The source code package includes full source code (revision r4490), Makefiles, and scripts. A subset of the kmer package (http://kmer.sourceforge.net/, version r1969), used by some modules of Celera Assembler, is included.

This package was prepared by scientists at the J. Craig Venter Institute (http://www.jcvi.org/) with funding provided by the National Institutes of Health (http://www.nih.gov/).
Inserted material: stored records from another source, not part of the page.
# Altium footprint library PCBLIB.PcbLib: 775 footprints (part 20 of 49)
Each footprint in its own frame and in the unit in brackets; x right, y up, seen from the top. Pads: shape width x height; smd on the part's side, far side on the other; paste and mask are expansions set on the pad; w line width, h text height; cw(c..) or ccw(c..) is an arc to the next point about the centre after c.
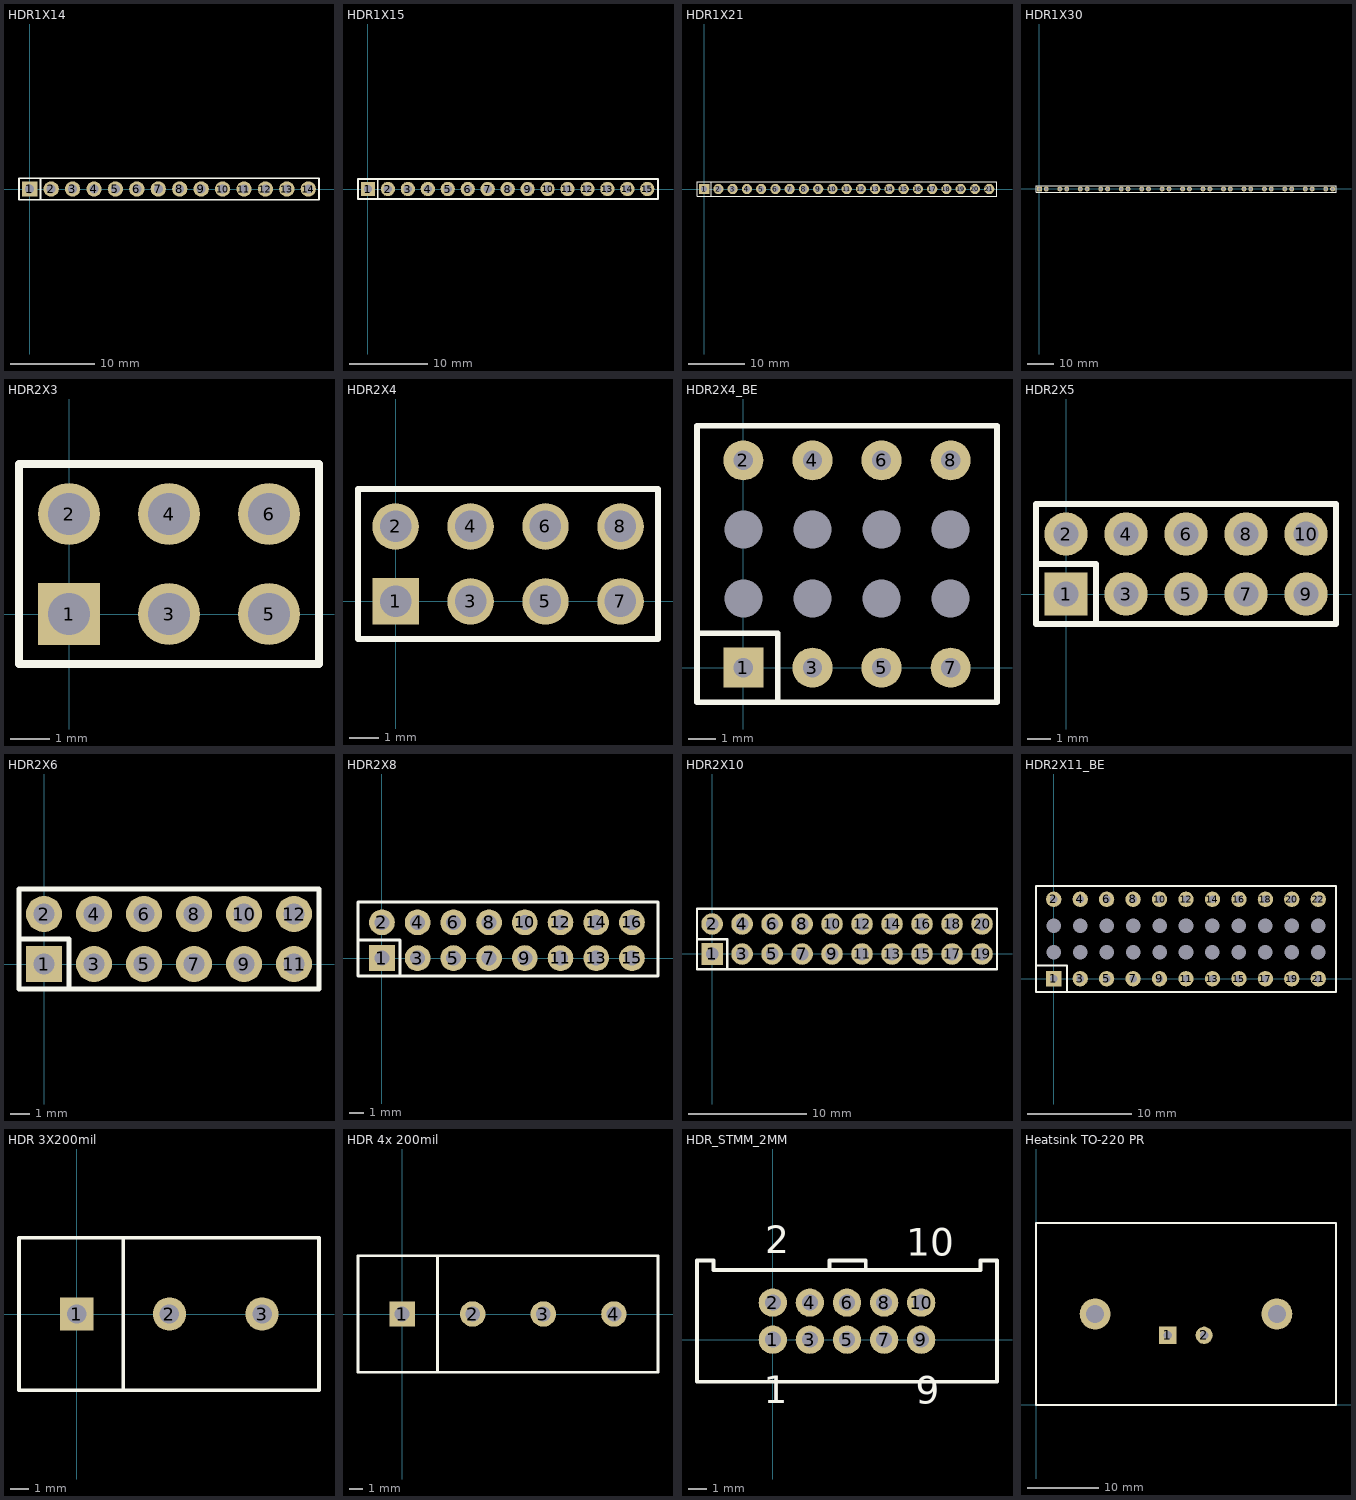
[diagram p19: the footprints below, top view; thin cyan lines are the x and y axes]

## HDR1X14 [mil]
height 390
pads (14):
  rect 72x72 hole 42: 1(0,0)
  round 72 hole 42: 2(100,0) 3(200,0) 4(300,0) 5(400,0) 6(500,0) 7(600,0) 8(700,0) 9(800,0) 10(900,0) 11(1000,0) 12(1100,0) 13(1200,0) 14(1300,0)
TopOverlay:
  lines w8: 50,-50 50,50 ; -50,-50 1350,-50 1350,50 -50,50 -50,-50
Mechanical4:
  text ".341" at 0,0 h1

## HDR1X15 [mil]
pads (15):
  rect 72x72 hole 42: 1(0,0)
  round 72 hole 42: 2(100,0) 3(200,0) 4(300,0) 5(400,0) 6(500,0) 7(600,0) 8(700,0) 9(800,0) 10(900,0) 11(1000,0) 12(1100,0) 13(1200,0) 14(1300,0) 15(1400,0)
TopOverlay:
  lines w8: 50,-50 50,50 ; -50,-50 1453.66,-50 1453.66,50 -50,50 -50,-50
Mechanical4:
  text ".341" at 0,0 h1

## HDR1X21 [mil]
pads (21):
  rect 72x72 hole 42: 1(0,0)
  round 72 hole 42: 2(100,0) 3(200,0) 4(300,0) 5(400,0) 6(500,0) 7(600,0) 8(700,0) 9(800,0) 10(900,0) 11(1000,0) 12(1100,0) 13(1200,0) 14(1300,0) 15(1400,0) 16(1500,0) 17(1600,0) 18(1700,0) 19(1800,0) 20(1900,0) 21(2000,0)
TopOverlay:
  lines w8: 50,-50 50,50 ; -50,-50 2054.56,-50 2054.56,50 -50,50 -50,-50
Mechanical4:
  text ".341" at 0,0 h1

## HDR1X30 [mil]
pads (30):
  rect 72x72 hole 42: 1(0,0)
  round 72 hole 42: 2(100,0) 3(300,0) 4(400,0) 5(600,0) 6(700,0) 7(900,0) 8(1000,0) 9(1200,0) 10(1300,0) 11(1500,0) 12(1600,0) 13(1800,0) 14(1900,0) 15(2100,0) 16(2200,0) 17(2400,0) 18(2500,0) 19(2700,0) 20(2800.25,0) 21(3000,0) 22(3100,0) 23(3300,0) 24(3400,0) 25(3600,0) 26(3700,0) 27(3900,0) 28(4000,0) 29(4200,0) 30(4300,0)
TopOverlay:
  lines w8: -50.25,-50.23 -50.25,49.77 ; -50,-50 4350,-50 4350,50 -50,50
Mechanical4:
  text ".341" at 0,0 h1

## HDR2X3 [mil]
pads (6):
  rect 62x62 hole 42: 1(0,0)
  round 62 hole 42: 2(0,100) 3(100,0) 4(100,100) 5(200,0) 6(200,100)
TopOverlay:
  lines w8: 58.33,-50 250,-50 ; 250,-50 250,150 -50,150 -50,-50 250,-50
Mechanical4:
  text ".341" at 0,0 h1
  text ".341" at -0.27,0 h1

## HDR2X4 [mil]
pads (8):
  rect 62x62 hole 42: 1(0,0)
  round 62 hole 42: 2(0,100) 3(100,0) 4(100,100) 5(200,0) 6(200,100) 7(300,0) 8(300,100)
TopOverlay:
  lines w8: -50,-50 350,-50 350,150 -50,150 -50,-50
Mechanical4:
  text ".341" at -0.27,0 h1
  text ".341" at 0,0 h1

## HDR2X4_BE [mil]
height 100
pads (16):
  round 1 hole 55 unplated: 0(0,100) 0(0,200) 0(100,100) 0(100,200) 0(200,100) 0(200,200) 0(300,100) 0(300,200)
  rect 58x58 hole 28: 1(0,0)
  round 58 hole 28: 2(0,300) 3(100,0) 4(100,300) 5(200,0) 6(200,300) 7(300,0) 8(300,300)
TopOverlay:
  lines w8: -67,50 50,50 50,-50 ; -67,-50 367,-50 367,350 -67,350 -67,-50

## HDR2X5 [mil]
pads (10):
  rect 72x72 hole 42: 1(0,0)
  round 72 hole 42: 2(0,100) 3(100,0) 4(100,100) 5(200,0) 6(200,100) 7(300,0) 8(300,100) 9(400,0) 10(400,100)
TopOverlay:
  lines w10: -50,50 50,50 50,-48 ; 58.33,-50 250,-50 ; 250,-50 -50,-50 -50,150 250,150 450,150 450,-50 250,-50
Mechanical4:
  text ".341" at -0.27,0 h1
  text ".341" at 0,0 h1

## HDR2X6 [mil]
pads (12):
  rect 72x72 hole 42: 1(0,0)
  round 72 hole 42: 2(0,100) 3(100,0) 4(100,100) 5(200,0) 6(200,100) 7(300,0) 8(300,100) 9(400,0) 10(400,100) 11(500,0) 12(500,100)
TopOverlay:
  lines w10: -50,50 50,50 50,-48 ; 58.33,-50 250,-50 ; 450,150 550,150 ; 250,-50 450,-50 550,-50 550,150 ; 250,-50 -50,-50 -50,150 250,150 550,150
Mechanical4:
  text ".341" at 0,0 h1
  text ".341" at -0.27,0 h1

## HDR2X8 [mil]
pads (16):
  rect 72x72 hole 42: 1(0,0)
  round 72 hole 42: 2(0,100) 3(100,0) 4(100,100) 5(200,0) 6(200,100) 7(300,0) 8(300,100) 9(400,0) 10(400,100) 11(500,0) 12(500,100) 13(600,0) 14(600,100) 15(700,0) 16(700,100)
TopOverlay:
  lines w8: -67,51.1 51,51.1 51,-48.9 ; -67,-50 773,-50 773,157 -67,157 -67,-50

## HDR2X10 [mil]
pads (20):
  rect 72x72 hole 42: 1(0,0)
  round 72 hole 42: 2(0,100) 3(100,0) 4(100,100) 5(200,0) 6(200,100) 7(300,0) 8(300,100) 9(400,0) 10(400,100) 11(500,0) 12(500,100) 13(600,0) 14(600,100) 15(700,0) 16(700,100) 17(800,0) 18(800,100) 19(900,0) 20(900,100)
TopOverlay:
  lines w8: -49.61,49.77 50,49.77 50,-50.23 ; -50.25,-50.23 -50.25,150.21 125.19,150.21 950,150.21 950,-50.23 -50.25,-50.23
Mechanical4:
  text ".341" at 0,0 h1

## HDR2X11_BE [mil]
height 100
pads (44):
  round 1 hole 55 unplated: 0(0,100) 0(0,200) 0(100,100) 0(100,200) 0(200,100) 0(200,200) 0(300,100) 0(300,200) 0(400,100) 0(400,200) 0(500,100) 0(500,200) 0(600,100) 0(600,200) 0(700,100) 0(700,200) 0(800,100) 0(800,200) 0(900,100) 0(900,200) 0(1000,100) 0(1000,200)
  rect 58x58 hole 28: 1(0,0)
  round 58 hole 28: 2(0,300) 3(100,0) 4(100,300) 5(200,0) 6(200,300) 7(300,0) 8(300,300) 9(400,0) 10(400,300) 11(500,0) 12(500,300) 13(600,0) 14(600,300) 15(700,0) 16(700,300) 17(800,0) 18(800,300) 19(900,0) 20(900,300) 21(1000,0) 22(1000,300)
TopOverlay:
  lines w8: -67,50 50,50 50,-50 ; -67,-50 -67,350 1067,350 1067,-50 -67,-50

## HDR 3X200mil [mil]
pads (3):
  rect 72x72 hole 42: 1(0,0)
  round 72 hole 42: 2(200,0) 3(400,0)
TopOverlay:
  lines w8: 100,-165 100,165 ; -125,-165 -125,165 350,165 523,165 523,-165 350,-165 -125,-165
Mechanical4:
  text ".341" at 0,-0.23 h1
  text ".341" at 0,0 h1

## HDR 4x 200mil [mil]
height 390
pads (4):
  rect 72x72 hole 42: 1(0,0)
  round 72 hole 42: 2(200,0) 3(400,0) 4(600,0)
TopOverlay:
  lines w8: 100,-165 100,165 ; -125,-165 350,-165 725,-165 725,165 350,165 -125,165 -125,-165
Mechanical4:
  text ".341" at 0,0 h1
  text ".341" at 0,-0.23 h1

## HDR_STMM_2MM [mil]
height 205
pads (10):
  round 60 hole 34: 1(0,0) 2(0,78.74) 3(78.74,0) 4(78.74,78.74) 5(157.48,0) 6(157.48,78.74) 7(236.22,0) 8(236.22,78.74) 9(314.96,0) 10(314.96,78.74)
TopOverlay:
  lines w8: 121.3,147.87 120.42,148.75 120.42,167.87 135.26,167.87 157.47,167.87 177.78,167.87 197.06,167.87 197.06,148.26 197.46,147.87 ; 475.73,167.63 475.73,-89.13 -160.77,-89.13 -160.77,167.87 -125.77,167.87 -125.77,147.87 440.73,147.87 440.73,167.87 475.73,167.87
  text "1" at -18.96,-154.14 h100
  text "9" at 303.44,-155.41 h100
  text "2" at -16.42,164.46 h100
  text "10" at 283.13,159.38 h100

## Heatsink TO-220 PR [mil]
pads (4):
  rect 95x95 hole 45: 1(725,383)
  round 95 hole 45: 2(925,383)
  round 170 hole 100: ""(325,500) ""(1325,500)
TopOverlay:
  lines w10: 0,0 1650,0 1650,1000 0,1000 0,0

Full documentation can be found online at http://wgs-assembler.sourceforge.net/.

Citation

Please cite Celera Assembler in publications that refer to its algorithm or its output. The standard citation is the original paper [Myers et al. (2000) A Whole-Genome Assembly of Drosophila. Science 287 2196-2204]. More recent papers describe modifications for human genome assembly [Istrail et al. 2004; Levy et al. 2007], metagenomics assembly [Venter et al. 2004; Rusch et al. 2007], haplotype separation [Levy et al. 2007; Denisov et al. 2008], a Sanger+pyrosequencing hybrid pipeline [Goldberg et al. 2006] and native assembly of 454 data [Miller et al. 2008]. There are links to these papers, and more, in the on-line documentation (http://wgs-assembler.sourceforge.net/).

Compilation and Installation

Users can download Celera Assembler as source code or as pre-compiled binaries. The source code package needs to be compiled and installed before it can be used. The binary distributions need only be unpacked, but they are not available for all platforms.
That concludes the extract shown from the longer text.